[DIRECTIONS]:
Across the entries below, how many lines contain the string "mechanical"? Only the number is wanted.

[RECORDS SHOWN]:
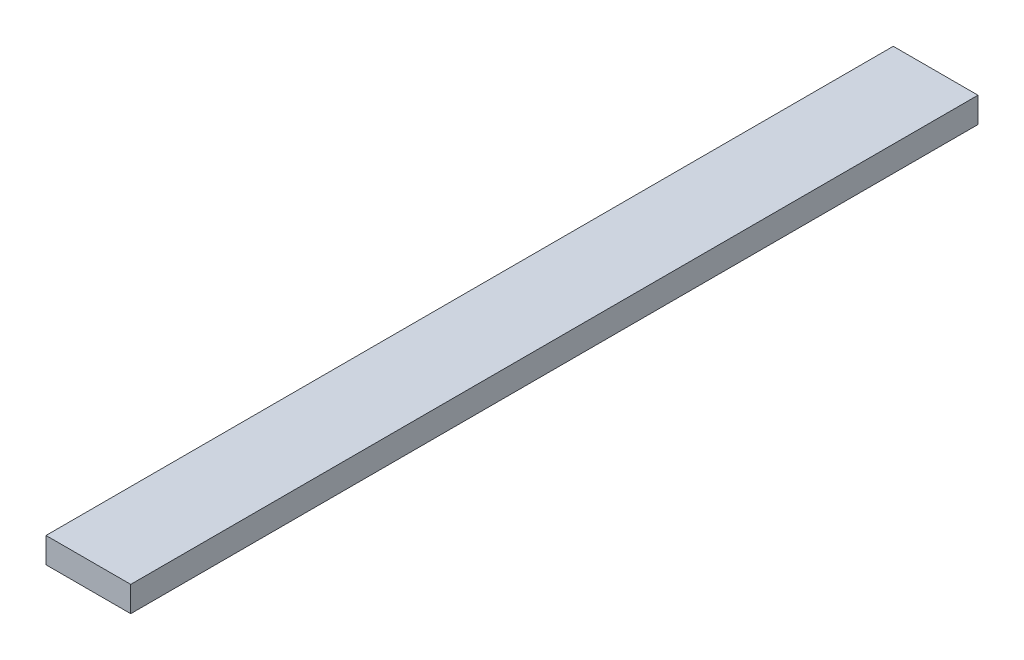
ISO-10303-21;
HEADER;
FILE_DESCRIPTION(('STEP AP214'),'2;1');
FILE_NAME('part.step','',(''),(''),'','','');
FILE_SCHEMA(('AUTOMOTIVE_DESIGN { 1 0 10303 214 1 1 1 1 }'));
ENDSEC;
DATA;
#1=APPLICATION_CONTEXT('core data for automotive mechanical design processes');
#2=APPLICATION_PROTOCOL_DEFINITION('international standard','automotive_design',2000,#1);
#3=PRODUCT_CONTEXT('',#1,'mechanical');
#4=PRODUCT('Part','Part','',(#3));
#5=PRODUCT_RELATED_PRODUCT_CATEGORY('part','',(#4));
#6=PRODUCT_DEFINITION_FORMATION('','',#4);
#7=PRODUCT_DEFINITION_CONTEXT('part definition',#1,'design');
#8=PRODUCT_DEFINITION('design','',#6,#7);
#9=PRODUCT_DEFINITION_SHAPE('','',#8);
#10=(LENGTH_UNIT() NAMED_UNIT(*) SI_UNIT(.MILLI.,.METRE.));
#11=(NAMED_UNIT(*) PLANE_ANGLE_UNIT() SI_UNIT($,.RADIAN.));
#12=(NAMED_UNIT(*) SI_UNIT($,.STERADIAN.) SOLID_ANGLE_UNIT());
#13=UNCERTAINTY_MEASURE_WITH_UNIT(LENGTH_MEASURE(1.E-05),#10,'distance_accuracy_value','');
#14=(GEOMETRIC_REPRESENTATION_CONTEXT(3) GLOBAL_UNCERTAINTY_ASSIGNED_CONTEXT((#13)) GLOBAL_UNIT_ASSIGNED_CONTEXT((#10,
#11,#12)) REPRESENTATION_CONTEXT('',''));
#15=CARTESIAN_POINT('',(0.,0.,0.));
#16=DIRECTION('',(0.,0.,1.));
#17=DIRECTION('',(1.,0.,0.));
#18=AXIS2_PLACEMENT_3D('',#15,#16,#17);
#19=CARTESIAN_POINT('',(50.,-7.50000000000003,250.));
#20=DIRECTION('',(0.,0.,-1.));
#21=DIRECTION('',(-1.,0.,0.));
#22=AXIS2_PLACEMENT_3D('',#19,#20,#21);
#23=PLANE('',#22);
#24=DIRECTION('',(0.,-1.,0.));
#25=VECTOR('',#24,1.);
#26=CARTESIAN_POINT('',(0.,-7.50000000000003,250.));
#27=LINE('',#26,#25);
#28=CARTESIAN_POINT('',(0.,7.49999999999997,250.));
#29=VERTEX_POINT('',#28);
#30=CARTESIAN_POINT('',(0.,-7.50000000000003,250.));
#31=VERTEX_POINT('',#30);
#32=EDGE_CURVE('E111',#29,#31,#27,.T.);
#33=ORIENTED_EDGE('',*,*,#32,.T.);
#34=DIRECTION('',(-1.,0.,0.));
#35=VECTOR('',#34,1.);
#36=CARTESIAN_POINT('',(50.,-7.50000000000003,250.));
#37=LINE('',#36,#35);
#38=CARTESIAN_POINT('',(50.,-7.50000000000003,250.));
#39=VERTEX_POINT('',#38);
#40=EDGE_CURVE('E11',#39,#31,#37,.T.);
#41=ORIENTED_EDGE('',*,*,#40,.F.);
#42=DIRECTION('',(0.,-1.,0.));
#43=VECTOR('',#42,1.);
#44=CARTESIAN_POINT('',(50.,-7.50000000000003,250.));
#45=LINE('',#44,#43);
#46=CARTESIAN_POINT('',(50.,7.49999999999997,250.));
#47=VERTEX_POINT('',#46);
#48=EDGE_CURVE('E95',#47,#39,#45,.T.);
#49=ORIENTED_EDGE('',*,*,#48,.F.);
#50=DIRECTION('',(-1.,0.,0.));
#51=VECTOR('',#50,1.);
#52=CARTESIAN_POINT('',(50.,7.49999999999997,250.));
#53=LINE('',#52,#51);
#54=EDGE_CURVE('E107',#47,#29,#53,.T.);
#55=ORIENTED_EDGE('',*,*,#54,.T.);
#56=EDGE_LOOP('',(#33,#41,#49,#55));
#57=FACE_BOUND('',#56,.T.);
#58=ADVANCED_FACE('F43',(#57),#23,.F.);
#59=CARTESIAN_POINT('',(50.,-7.49999999999997,-250.));
#60=DIRECTION('',(0.,1.,0.));
#61=DIRECTION('',(0.,0.,1.));
#62=AXIS2_PLACEMENT_3D('',#59,#60,#61);
#63=PLANE('',#62);
#64=DIRECTION('',(0.,0.,-1.));
#65=VECTOR('',#64,1.);
#66=CARTESIAN_POINT('',(0.,-7.49999999999997,-250.));
#67=LINE('',#66,#65);
#68=CARTESIAN_POINT('',(0.,-7.49999999999997,-250.));
#69=VERTEX_POINT('',#68);
#70=EDGE_CURVE('E100',#31,#69,#67,.T.);
#71=ORIENTED_EDGE('',*,*,#70,.T.);
#72=DIRECTION('',(-1.,0.,0.));
#73=VECTOR('',#72,1.);
#74=CARTESIAN_POINT('',(50.,-7.49999999999997,-250.));
#75=LINE('',#74,#73);
#76=CARTESIAN_POINT('',(50.,-7.49999999999997,-250.));
#77=VERTEX_POINT('',#76);
#78=EDGE_CURVE('E52',#77,#69,#75,.T.);
#79=ORIENTED_EDGE('',*,*,#78,.F.);
#80=DIRECTION('',(0.,0.,-1.));
#81=VECTOR('',#80,1.);
#82=CARTESIAN_POINT('',(50.,-7.49999999999997,-250.));
#83=LINE('',#82,#81);
#84=EDGE_CURVE('E90',#39,#77,#83,.T.);
#85=ORIENTED_EDGE('',*,*,#84,.F.);
#86=ORIENTED_EDGE('',*,*,#40,.T.);
#87=EDGE_LOOP('',(#71,#79,#85,#86));
#88=FACE_BOUND('',#87,.T.);
#89=ADVANCED_FACE('F99',(#88),#63,.F.);
#90=CARTESIAN_POINT('',(50.,-7.49999999999997,-250.));
#91=DIRECTION('',(0.,0.,1.));
#92=DIRECTION('',(1.,0.,0.));
#93=AXIS2_PLACEMENT_3D('',#90,#91,#92);
#94=PLANE('',#93);
#95=DIRECTION('',(0.,1.,0.));
#96=VECTOR('',#95,1.);
#97=CARTESIAN_POINT('',(0.,-7.49999999999997,-250.));
#98=LINE('',#97,#96);
#99=CARTESIAN_POINT('',(0.,7.50000000000003,-250.));
#100=VERTEX_POINT('',#99);
#101=EDGE_CURVE('E77',#69,#100,#98,.T.);
#102=ORIENTED_EDGE('',*,*,#101,.T.);
#103=DIRECTION('',(-1.,0.,0.));
#104=VECTOR('',#103,1.);
#105=CARTESIAN_POINT('',(50.,7.50000000000003,-250.));
#106=LINE('',#105,#104);
#107=CARTESIAN_POINT('',(50.,7.50000000000003,-250.));
#108=VERTEX_POINT('',#107);
#109=EDGE_CURVE('E102',#108,#100,#106,.T.);
#110=ORIENTED_EDGE('',*,*,#109,.F.);
#111=DIRECTION('',(0.,1.,0.));
#112=VECTOR('',#111,1.);
#113=CARTESIAN_POINT('',(50.,-7.49999999999997,-250.));
#114=LINE('',#113,#112);
#115=EDGE_CURVE('E93',#77,#108,#114,.T.);
#116=ORIENTED_EDGE('',*,*,#115,.F.);
#117=ORIENTED_EDGE('',*,*,#78,.T.);
#118=EDGE_LOOP('',(#102,#110,#116,#117));
#119=FACE_BOUND('',#118,.T.);
#120=ADVANCED_FACE('F103',(#119),#94,.F.);
#121=CARTESIAN_POINT('',(50.,7.50000000000003,-250.));
#122=DIRECTION('',(0.,-1.,0.));
#123=DIRECTION('',(0.,0.,-1.));
#124=AXIS2_PLACEMENT_3D('',#121,#122,#123);
#125=PLANE('',#124);
#126=DIRECTION('',(0.,0.,1.));
#127=VECTOR('',#126,1.);
#128=CARTESIAN_POINT('',(0.,7.50000000000003,-250.));
#129=LINE('',#128,#127);
#130=EDGE_CURVE('E83',#100,#29,#129,.T.);
#131=ORIENTED_EDGE('',*,*,#130,.T.);
#132=ORIENTED_EDGE('',*,*,#54,.F.);
#133=DIRECTION('',(0.,0.,1.));
#134=VECTOR('',#133,1.);
#135=CARTESIAN_POINT('',(50.,7.50000000000003,-250.));
#136=LINE('',#135,#134);
#137=EDGE_CURVE('E60',#108,#47,#136,.T.);
#138=ORIENTED_EDGE('',*,*,#137,.F.);
#139=ORIENTED_EDGE('',*,*,#109,.T.);
#140=EDGE_LOOP('',(#131,#132,#138,#139));
#141=FACE_BOUND('',#140,.T.);
#142=ADVANCED_FACE('F124',(#141),#125,.F.);
#143=CARTESIAN_POINT('',(50.,0.,0.));
#144=DIRECTION('',(1.,0.,0.));
#145=DIRECTION('',(0.,0.,-1.));
#146=AXIS2_PLACEMENT_3D('',#143,#144,#145);
#147=PLANE('',#146);
#148=ORIENTED_EDGE('',*,*,#48,.T.);
#149=ORIENTED_EDGE('',*,*,#84,.T.);
#150=ORIENTED_EDGE('',*,*,#115,.T.);
#151=ORIENTED_EDGE('',*,*,#137,.T.);
#152=EDGE_LOOP('',(#148,#149,#150,#151));
#153=FACE_BOUND('',#152,.T.);
#154=ADVANCED_FACE('F91',(#153),#147,.T.);
#155=CARTESIAN_POINT('',(0.,0.,0.));
#156=DIRECTION('',(1.,0.,0.));
#157=DIRECTION('',(0.,0.,-1.));
#158=AXIS2_PLACEMENT_3D('',#155,#156,#157);
#159=PLANE('',#158);
#160=ORIENTED_EDGE('',*,*,#32,.F.);
#161=ORIENTED_EDGE('',*,*,#130,.F.);
#162=ORIENTED_EDGE('',*,*,#101,.F.);
#163=ORIENTED_EDGE('',*,*,#70,.F.);
#164=EDGE_LOOP('',(#160,#161,#162,#163));
#165=FACE_BOUND('',#164,.T.);
#166=ADVANCED_FACE('F127',(#165),#159,.F.);
#167=CLOSED_SHELL('',(#58,#89,#120,#142,#154,#166));
#168=MANIFOLD_SOLID_BREP('B2',#167);
#169=ADVANCED_BREP_SHAPE_REPRESENTATION('',(#18,#168),#14);
#170=SHAPE_DEFINITION_REPRESENTATION(#9,#169);
ENDSEC;
END-ISO-10303-21;

[THE COMPLETED TASK]:
2